REQUIRED WORK
None of the images should appear in your copy. Transcribe the data in full.
****************
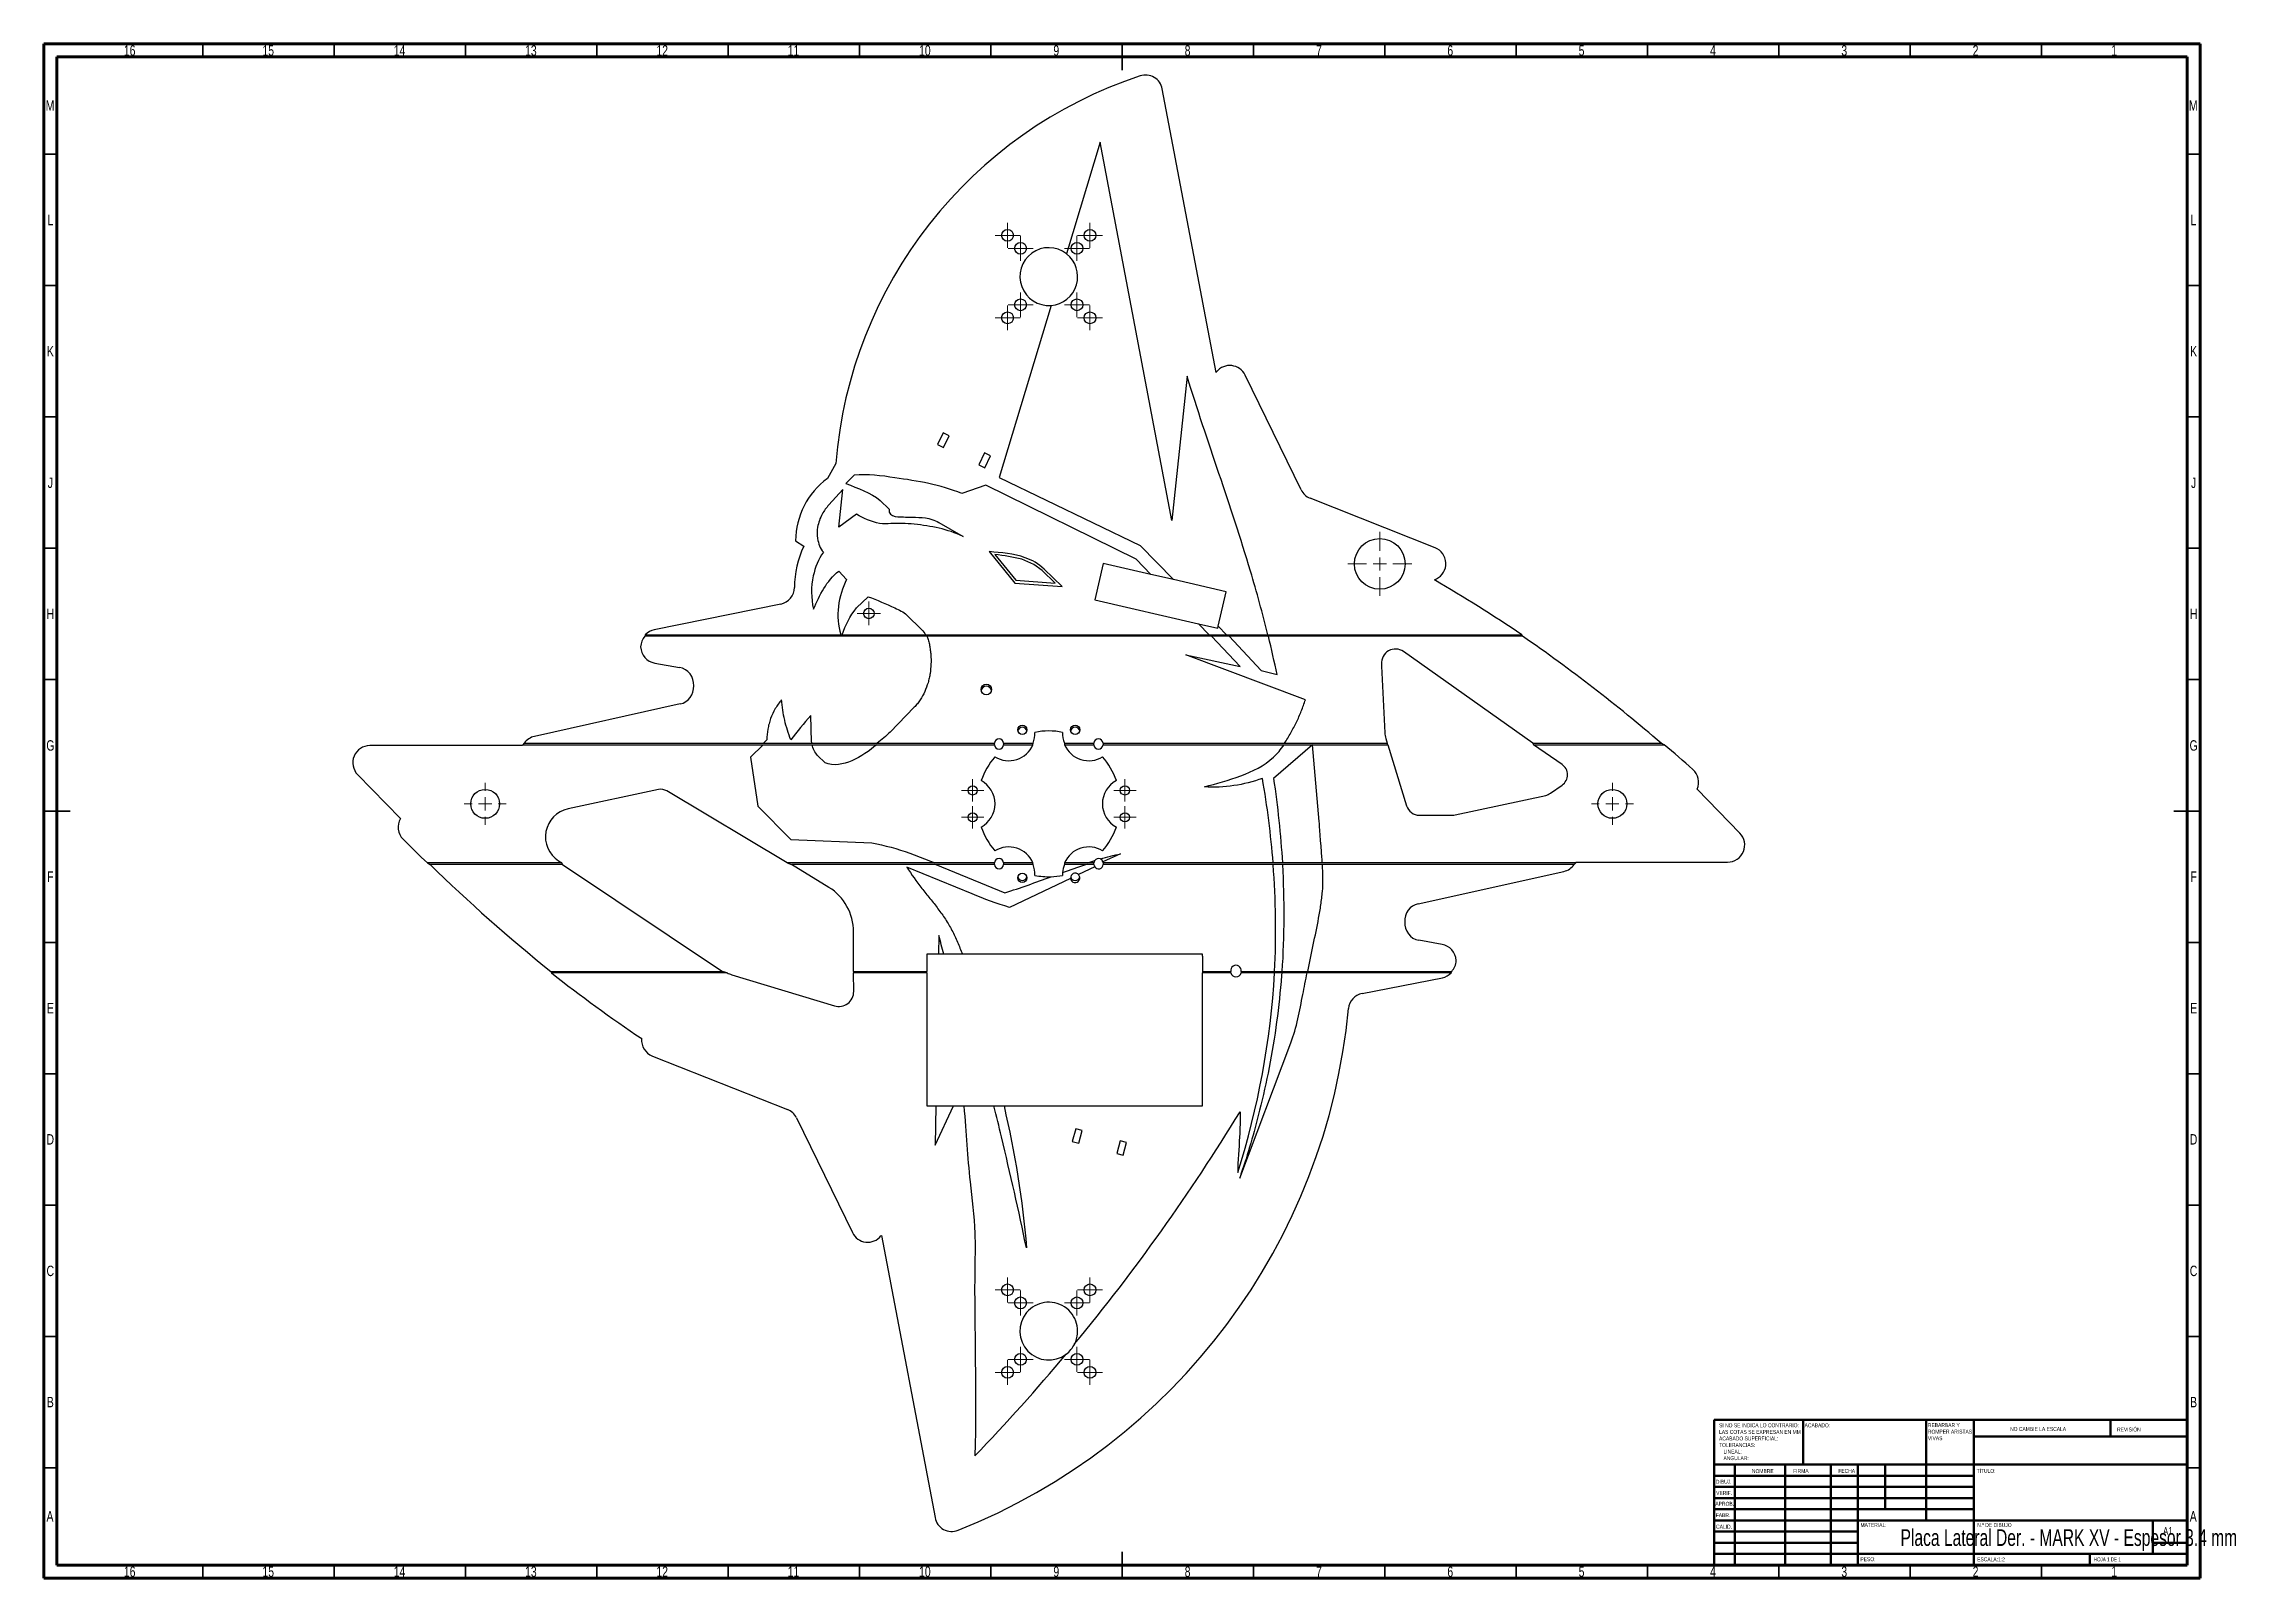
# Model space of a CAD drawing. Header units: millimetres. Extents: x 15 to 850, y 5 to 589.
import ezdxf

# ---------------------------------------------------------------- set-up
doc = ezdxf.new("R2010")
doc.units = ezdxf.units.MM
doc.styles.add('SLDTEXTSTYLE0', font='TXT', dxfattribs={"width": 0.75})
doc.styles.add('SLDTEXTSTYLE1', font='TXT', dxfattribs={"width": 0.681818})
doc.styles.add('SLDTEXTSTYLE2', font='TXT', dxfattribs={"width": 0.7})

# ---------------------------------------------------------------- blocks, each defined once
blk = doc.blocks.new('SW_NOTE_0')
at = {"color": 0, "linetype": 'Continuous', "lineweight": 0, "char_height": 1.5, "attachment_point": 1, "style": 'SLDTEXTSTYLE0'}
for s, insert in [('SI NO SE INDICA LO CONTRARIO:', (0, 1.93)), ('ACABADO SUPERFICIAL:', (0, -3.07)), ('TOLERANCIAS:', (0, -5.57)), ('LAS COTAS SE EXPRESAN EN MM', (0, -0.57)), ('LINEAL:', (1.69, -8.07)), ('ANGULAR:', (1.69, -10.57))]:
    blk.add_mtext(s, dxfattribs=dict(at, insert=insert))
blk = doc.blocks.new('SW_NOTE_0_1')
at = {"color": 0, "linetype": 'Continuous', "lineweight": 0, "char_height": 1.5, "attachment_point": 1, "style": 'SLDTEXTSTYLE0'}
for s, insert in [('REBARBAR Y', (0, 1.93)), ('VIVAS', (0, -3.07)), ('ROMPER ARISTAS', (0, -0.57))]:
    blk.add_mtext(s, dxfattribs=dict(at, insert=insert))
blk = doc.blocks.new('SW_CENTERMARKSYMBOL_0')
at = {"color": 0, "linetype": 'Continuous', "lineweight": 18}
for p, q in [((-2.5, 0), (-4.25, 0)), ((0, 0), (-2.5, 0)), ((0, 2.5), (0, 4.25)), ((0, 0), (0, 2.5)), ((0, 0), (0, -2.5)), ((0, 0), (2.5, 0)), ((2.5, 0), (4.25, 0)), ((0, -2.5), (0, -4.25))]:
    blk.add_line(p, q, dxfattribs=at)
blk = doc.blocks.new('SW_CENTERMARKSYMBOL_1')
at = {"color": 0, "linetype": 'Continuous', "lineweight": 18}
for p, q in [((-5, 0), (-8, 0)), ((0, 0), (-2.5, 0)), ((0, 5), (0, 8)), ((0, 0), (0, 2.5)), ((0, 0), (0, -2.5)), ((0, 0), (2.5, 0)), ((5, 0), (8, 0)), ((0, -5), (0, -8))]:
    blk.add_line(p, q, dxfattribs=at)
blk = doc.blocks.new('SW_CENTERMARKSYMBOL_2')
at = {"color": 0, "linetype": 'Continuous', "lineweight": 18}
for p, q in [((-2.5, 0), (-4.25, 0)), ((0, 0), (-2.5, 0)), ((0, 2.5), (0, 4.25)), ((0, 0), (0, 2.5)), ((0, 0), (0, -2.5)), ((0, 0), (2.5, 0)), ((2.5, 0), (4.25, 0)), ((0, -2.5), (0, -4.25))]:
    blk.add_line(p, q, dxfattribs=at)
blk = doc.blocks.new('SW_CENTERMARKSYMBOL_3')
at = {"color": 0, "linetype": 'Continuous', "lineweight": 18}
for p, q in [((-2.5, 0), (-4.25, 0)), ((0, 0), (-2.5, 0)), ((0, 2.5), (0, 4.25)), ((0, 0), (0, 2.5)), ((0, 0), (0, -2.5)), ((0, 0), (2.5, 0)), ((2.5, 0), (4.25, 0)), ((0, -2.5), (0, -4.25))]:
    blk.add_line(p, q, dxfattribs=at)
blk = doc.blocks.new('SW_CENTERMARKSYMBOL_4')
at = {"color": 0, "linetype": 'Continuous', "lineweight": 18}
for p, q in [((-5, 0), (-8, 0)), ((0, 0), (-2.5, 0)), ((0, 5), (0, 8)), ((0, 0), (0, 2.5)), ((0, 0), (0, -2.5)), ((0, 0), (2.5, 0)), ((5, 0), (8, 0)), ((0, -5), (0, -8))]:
****************
FINISHED TASK
# Model space of a CAD drawing. Header units: millimetres. Extents: x 15 to 850, y 5 to 589.
import ezdxf

# ---------------------------------------------------------------- set-up
doc = ezdxf.new("R2010")
doc.units = ezdxf.units.MM
doc.styles.add('SLDTEXTSTYLE0', font='TXT', dxfattribs={"width": 0.75})
doc.styles.add('SLDTEXTSTYLE1', font='TXT', dxfattribs={"width": 0.681818})
doc.styles.add('SLDTEXTSTYLE2', font='TXT', dxfattribs={"width": 0.7})

# ---------------------------------------------------------------- blocks, each defined once
blk = doc.blocks.new('SW_NOTE_0')
at = {"color": 0, "linetype": 'Continuous', "lineweight": 0, "char_height": 1.5, "attachment_point": 1, "style": 'SLDTEXTSTYLE0'}
for s, insert in [('SI NO SE INDICA LO CONTRARIO:', (0, 1.93)), ('ACABADO SUPERFICIAL:', (0, -3.07)), ('TOLERANCIAS:', (0, -5.57)), ('LAS COTAS SE EXPRESAN EN MM', (0, -0.57)), ('LINEAL:', (1.69, -8.07)), ('ANGULAR:', (1.69, -10.57))]:
    blk.add_mtext(s, dxfattribs=dict(at, insert=insert))
blk = doc.blocks.new('SW_NOTE_0_1')
at = {"color": 0, "linetype": 'Continuous', "lineweight": 0, "char_height": 1.5, "attachment_point": 1, "style": 'SLDTEXTSTYLE0'}
for s, insert in [('REBARBAR Y', (0, 1.93)), ('VIVAS', (0, -3.07)), ('ROMPER ARISTAS', (0, -0.57))]:
    blk.add_mtext(s, dxfattribs=dict(at, insert=insert))
blk = doc.blocks.new('SW_CENTERMARKSYMBOL_0')
at = {"color": 0, "linetype": 'Continuous', "lineweight": 18}
for p, q in [((-2.5, 0), (-4.25, 0)), ((0, 0), (-2.5, 0)), ((0, 2.5), (0, 4.25)), ((0, 0), (0, 2.5)), ((0, 0), (0, -2.5)), ((0, 0), (2.5, 0)), ((2.5, 0), (4.25, 0)), ((0, -2.5), (0, -4.25))]:
    blk.add_line(p, q, dxfattribs=at)
blk = doc.blocks.new('SW_CENTERMARKSYMBOL_1')
at = {"color": 0, "linetype": 'Continuous', "lineweight": 18}
for p, q in [((-5, 0), (-8, 0)), ((0, 0), (-2.5, 0)), ((0, 5), (0, 8)), ((0, 0), (0, 2.5)), ((0, 0), (0, -2.5)), ((0, 0), (2.5, 0)), ((5, 0), (8, 0)), ((0, -5), (0, -8))]:
    blk.add_line(p, q, dxfattribs=at)
blk = doc.blocks.new('SW_CENTERMARKSYMBOL_2')
at = {"color": 0, "linetype": 'Continuous', "lineweight": 18}
for p, q in [((-2.5, 0), (-4.25, 0)), ((0, 0), (-2.5, 0)), ((0, 2.5), (0, 4.25)), ((0, 0), (0, 2.5)), ((0, 0), (0, -2.5)), ((0, 0), (2.5, 0)), ((2.5, 0), (4.25, 0)), ((0, -2.5), (0, -4.25))]:
    blk.add_line(p, q, dxfattribs=at)
blk = doc.blocks.new('SW_CENTERMARKSYMBOL_3')
at = {"color": 0, "linetype": 'Continuous', "lineweight": 18}
for p, q in [((-2.5, 0), (-4.25, 0)), ((0, 0), (-2.5, 0)), ((0, 2.5), (0, 4.25)), ((0, 0), (0, 2.5)), ((0, 0), (0, -2.5)), ((0, 0), (2.5, 0)), ((2.5, 0), (4.25, 0)), ((0, -2.5), (0, -4.25))]:
    blk.add_line(p, q, dxfattribs=at)
blk = doc.blocks.new('SW_CENTERMARKSYMBOL_4')
at = {"color": 0, "linetype": 'Continuous', "lineweight": 18}
for p, q in [((-5, 0), (-8, 0)), ((0, 0), (-2.5, 0)), ((0, 5), (0, 8)), ((0, 0), (0, 2.5)), ((0, 0), (0, -2.5)), ((0, 0), (2.5, 0)), ((5, 0), (8, 0)), ((0, -5), (0, -8))]:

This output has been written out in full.